Give your customers something they need, even if need be for free, to get the
real value you will eventually want. It lets you get in bed much more easily.
It's like buying a girl a drink at the bar. She will still need to like you,
but it's a lot easier to start talking to her + get her in bed by breaking the
ice buying a drink.

------
onetomany
Andrew here from the Press-Enterprise. A few notes here on Groupon, websites
and our success:

-we have a Groupon 'clone' program that is moderately successful. -we approached Groupon in 2009 and proposed a partnership to tackle the local market. Various issues came up and we could not reach an agreement that would take us beyond standard affiliate. Groupon is okay and is getting a ton of exposure, but I am interested in their ability to support local advertisers. I here good things from buyers, but not always from merchants...

-Newspapers, from my brief experience here, generally face 2 issues with partners like seeing interactive: 1) Historical tendency to pay too much for hosted solutions that actually take customers away. 2) Print mentality that change is very slow, but often dramatic (new front page or sports section) instead of rapidly iterating in increments at a target experience.

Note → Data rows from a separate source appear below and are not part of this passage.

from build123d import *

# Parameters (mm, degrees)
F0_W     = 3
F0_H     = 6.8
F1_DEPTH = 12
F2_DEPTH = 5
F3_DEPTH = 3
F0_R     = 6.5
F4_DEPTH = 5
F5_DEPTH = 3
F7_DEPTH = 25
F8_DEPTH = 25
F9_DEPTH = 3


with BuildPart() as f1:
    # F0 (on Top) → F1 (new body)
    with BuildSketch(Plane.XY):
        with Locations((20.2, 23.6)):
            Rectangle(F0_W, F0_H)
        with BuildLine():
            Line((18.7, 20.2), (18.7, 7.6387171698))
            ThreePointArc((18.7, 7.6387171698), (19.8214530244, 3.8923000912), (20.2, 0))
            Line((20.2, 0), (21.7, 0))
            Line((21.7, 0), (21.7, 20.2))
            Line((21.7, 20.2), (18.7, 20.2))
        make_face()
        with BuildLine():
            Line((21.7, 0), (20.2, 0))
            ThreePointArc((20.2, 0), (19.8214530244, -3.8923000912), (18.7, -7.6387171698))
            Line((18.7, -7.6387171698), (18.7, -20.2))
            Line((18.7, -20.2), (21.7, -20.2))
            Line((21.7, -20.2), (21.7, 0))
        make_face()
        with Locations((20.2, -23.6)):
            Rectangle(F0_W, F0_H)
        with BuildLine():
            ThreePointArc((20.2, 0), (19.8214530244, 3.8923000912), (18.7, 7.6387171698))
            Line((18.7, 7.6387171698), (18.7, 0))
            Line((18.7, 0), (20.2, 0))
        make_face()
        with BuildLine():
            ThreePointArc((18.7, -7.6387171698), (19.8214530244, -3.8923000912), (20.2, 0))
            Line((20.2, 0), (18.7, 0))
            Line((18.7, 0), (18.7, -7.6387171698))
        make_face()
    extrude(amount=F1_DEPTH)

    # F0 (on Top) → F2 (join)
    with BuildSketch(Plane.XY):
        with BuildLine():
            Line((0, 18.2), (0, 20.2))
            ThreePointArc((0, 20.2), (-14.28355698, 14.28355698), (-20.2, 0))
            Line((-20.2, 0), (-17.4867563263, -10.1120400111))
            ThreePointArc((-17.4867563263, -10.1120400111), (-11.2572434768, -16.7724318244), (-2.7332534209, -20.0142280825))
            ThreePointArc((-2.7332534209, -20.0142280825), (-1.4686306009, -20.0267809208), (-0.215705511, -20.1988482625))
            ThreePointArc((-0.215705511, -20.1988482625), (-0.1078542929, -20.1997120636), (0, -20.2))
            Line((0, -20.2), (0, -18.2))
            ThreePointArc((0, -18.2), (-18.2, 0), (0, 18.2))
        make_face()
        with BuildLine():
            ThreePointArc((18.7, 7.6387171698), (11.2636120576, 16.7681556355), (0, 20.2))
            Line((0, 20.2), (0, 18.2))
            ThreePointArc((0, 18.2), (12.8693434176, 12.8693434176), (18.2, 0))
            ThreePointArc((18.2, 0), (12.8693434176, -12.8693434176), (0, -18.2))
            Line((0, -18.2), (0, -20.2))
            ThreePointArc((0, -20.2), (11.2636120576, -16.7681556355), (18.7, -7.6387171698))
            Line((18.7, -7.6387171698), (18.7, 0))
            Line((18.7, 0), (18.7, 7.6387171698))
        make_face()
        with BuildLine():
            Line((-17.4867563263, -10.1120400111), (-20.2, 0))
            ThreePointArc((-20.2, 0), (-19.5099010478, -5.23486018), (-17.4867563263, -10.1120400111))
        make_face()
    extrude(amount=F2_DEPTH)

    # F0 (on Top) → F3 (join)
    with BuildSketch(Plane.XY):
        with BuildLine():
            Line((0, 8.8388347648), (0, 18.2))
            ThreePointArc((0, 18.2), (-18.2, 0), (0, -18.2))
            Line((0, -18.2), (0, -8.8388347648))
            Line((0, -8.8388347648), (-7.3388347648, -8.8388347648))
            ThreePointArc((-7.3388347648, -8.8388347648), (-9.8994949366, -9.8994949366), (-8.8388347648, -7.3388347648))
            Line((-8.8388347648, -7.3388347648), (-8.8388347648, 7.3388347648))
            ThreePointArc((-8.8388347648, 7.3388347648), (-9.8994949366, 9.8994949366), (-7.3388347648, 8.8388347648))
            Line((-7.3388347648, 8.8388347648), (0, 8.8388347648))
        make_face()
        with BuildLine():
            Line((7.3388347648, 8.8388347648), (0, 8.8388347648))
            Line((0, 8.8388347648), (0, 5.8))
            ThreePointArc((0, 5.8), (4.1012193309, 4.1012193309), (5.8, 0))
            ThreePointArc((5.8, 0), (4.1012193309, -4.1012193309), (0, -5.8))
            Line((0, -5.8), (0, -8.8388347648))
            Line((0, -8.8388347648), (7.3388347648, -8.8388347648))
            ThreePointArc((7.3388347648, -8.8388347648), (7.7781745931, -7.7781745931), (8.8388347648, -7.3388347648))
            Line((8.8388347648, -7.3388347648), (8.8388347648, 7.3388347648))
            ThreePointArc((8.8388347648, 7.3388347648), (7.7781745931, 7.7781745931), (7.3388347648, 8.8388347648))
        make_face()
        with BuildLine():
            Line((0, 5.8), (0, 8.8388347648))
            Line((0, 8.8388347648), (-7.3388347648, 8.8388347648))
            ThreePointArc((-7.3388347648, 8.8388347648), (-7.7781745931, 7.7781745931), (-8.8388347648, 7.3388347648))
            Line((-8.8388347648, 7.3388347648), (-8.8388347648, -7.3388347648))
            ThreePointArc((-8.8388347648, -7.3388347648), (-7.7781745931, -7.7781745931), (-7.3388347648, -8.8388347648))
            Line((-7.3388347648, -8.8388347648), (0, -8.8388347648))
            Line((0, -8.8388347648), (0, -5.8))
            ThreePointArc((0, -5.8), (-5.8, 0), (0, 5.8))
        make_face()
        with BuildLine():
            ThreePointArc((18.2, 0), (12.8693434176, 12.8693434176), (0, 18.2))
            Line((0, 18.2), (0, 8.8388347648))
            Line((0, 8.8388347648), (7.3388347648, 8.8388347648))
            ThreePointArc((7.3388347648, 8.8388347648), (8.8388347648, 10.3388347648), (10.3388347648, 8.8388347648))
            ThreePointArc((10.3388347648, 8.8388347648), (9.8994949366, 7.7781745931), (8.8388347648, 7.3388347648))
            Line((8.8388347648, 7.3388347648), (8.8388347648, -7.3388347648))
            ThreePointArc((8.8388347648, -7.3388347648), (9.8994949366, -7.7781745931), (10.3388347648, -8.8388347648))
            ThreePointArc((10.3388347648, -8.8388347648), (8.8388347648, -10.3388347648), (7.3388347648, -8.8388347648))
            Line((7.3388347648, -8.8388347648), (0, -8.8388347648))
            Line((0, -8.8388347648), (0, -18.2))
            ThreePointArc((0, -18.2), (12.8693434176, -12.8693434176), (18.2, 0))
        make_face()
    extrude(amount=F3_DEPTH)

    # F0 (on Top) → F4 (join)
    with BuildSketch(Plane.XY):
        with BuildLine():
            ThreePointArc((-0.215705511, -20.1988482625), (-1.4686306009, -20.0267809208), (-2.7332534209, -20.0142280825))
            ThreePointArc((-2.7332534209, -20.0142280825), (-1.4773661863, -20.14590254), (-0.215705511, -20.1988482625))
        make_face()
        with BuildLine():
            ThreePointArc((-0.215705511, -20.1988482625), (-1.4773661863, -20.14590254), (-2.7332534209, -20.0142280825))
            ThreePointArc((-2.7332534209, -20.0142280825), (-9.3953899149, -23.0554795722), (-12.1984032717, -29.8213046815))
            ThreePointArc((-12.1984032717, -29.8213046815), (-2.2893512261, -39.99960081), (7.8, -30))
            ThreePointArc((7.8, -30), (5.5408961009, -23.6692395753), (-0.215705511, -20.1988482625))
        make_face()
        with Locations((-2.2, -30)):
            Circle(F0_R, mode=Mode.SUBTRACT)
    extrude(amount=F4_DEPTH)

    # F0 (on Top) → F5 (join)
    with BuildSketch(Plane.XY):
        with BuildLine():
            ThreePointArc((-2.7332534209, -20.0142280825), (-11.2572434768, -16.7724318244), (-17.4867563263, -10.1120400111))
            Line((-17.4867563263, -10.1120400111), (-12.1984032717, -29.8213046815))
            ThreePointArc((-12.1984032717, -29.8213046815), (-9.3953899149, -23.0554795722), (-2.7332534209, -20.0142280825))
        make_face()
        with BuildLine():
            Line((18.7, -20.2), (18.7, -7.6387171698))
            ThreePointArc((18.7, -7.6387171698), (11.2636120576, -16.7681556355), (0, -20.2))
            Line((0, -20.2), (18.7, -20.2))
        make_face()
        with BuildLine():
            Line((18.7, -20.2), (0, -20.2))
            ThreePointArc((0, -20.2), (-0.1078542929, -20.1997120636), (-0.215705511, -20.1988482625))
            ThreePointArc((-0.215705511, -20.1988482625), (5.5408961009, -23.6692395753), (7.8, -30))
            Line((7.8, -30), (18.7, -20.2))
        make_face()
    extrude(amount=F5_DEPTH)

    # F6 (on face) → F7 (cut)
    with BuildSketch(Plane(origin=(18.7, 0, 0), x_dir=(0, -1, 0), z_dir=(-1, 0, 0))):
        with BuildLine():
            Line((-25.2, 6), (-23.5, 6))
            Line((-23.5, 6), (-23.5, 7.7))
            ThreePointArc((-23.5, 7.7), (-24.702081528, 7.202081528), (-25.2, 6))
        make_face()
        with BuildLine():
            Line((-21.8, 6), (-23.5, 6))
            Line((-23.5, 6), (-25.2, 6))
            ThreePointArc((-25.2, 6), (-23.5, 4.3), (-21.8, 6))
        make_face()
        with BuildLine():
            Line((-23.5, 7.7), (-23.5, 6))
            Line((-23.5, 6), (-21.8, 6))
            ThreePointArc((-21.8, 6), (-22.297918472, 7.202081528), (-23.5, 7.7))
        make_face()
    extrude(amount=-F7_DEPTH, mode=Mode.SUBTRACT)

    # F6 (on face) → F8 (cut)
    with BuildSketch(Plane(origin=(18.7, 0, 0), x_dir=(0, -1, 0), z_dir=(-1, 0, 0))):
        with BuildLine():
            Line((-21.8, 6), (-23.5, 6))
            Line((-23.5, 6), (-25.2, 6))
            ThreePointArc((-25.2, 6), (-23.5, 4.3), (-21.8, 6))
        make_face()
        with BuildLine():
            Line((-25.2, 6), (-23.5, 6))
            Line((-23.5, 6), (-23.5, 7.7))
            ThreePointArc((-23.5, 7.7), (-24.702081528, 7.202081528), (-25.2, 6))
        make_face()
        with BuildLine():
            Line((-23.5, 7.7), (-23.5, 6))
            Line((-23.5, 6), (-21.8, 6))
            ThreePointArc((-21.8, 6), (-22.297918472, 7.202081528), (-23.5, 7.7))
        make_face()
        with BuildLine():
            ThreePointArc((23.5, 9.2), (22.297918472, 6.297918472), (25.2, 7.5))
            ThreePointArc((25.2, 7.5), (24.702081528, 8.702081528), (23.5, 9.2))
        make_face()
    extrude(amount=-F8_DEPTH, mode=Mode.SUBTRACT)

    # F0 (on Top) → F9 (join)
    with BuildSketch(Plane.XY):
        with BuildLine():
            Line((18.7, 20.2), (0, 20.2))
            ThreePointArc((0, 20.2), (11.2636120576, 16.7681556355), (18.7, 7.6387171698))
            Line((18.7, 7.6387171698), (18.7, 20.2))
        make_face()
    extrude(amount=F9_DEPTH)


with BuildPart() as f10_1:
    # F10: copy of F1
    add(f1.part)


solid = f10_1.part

Biased as it may sound, Seeing Interactive eliminated both of these concerns
as they continue to iterate and improve the product and help the Press
Enterprise keep customers.

------
Jmarshnh
This is an interesting prospect. Newspapers have been struggling with their
websites trying to see profitability. The circulation model is there in small
numbers, same conclusion with upselling advertising to the website. If
newspapers can gain the "Community Bill Board" status once again then you have
something. However, the redesign of websites needs to be an easy process or
the newspapers have to offer redesign as a service. The search for the local
businesses has to have a return on the top of the search page. If Seeing
Interactive can offer these two key components, this will make a huge impact
in how newspapers do business in the future. They could be on to something
here!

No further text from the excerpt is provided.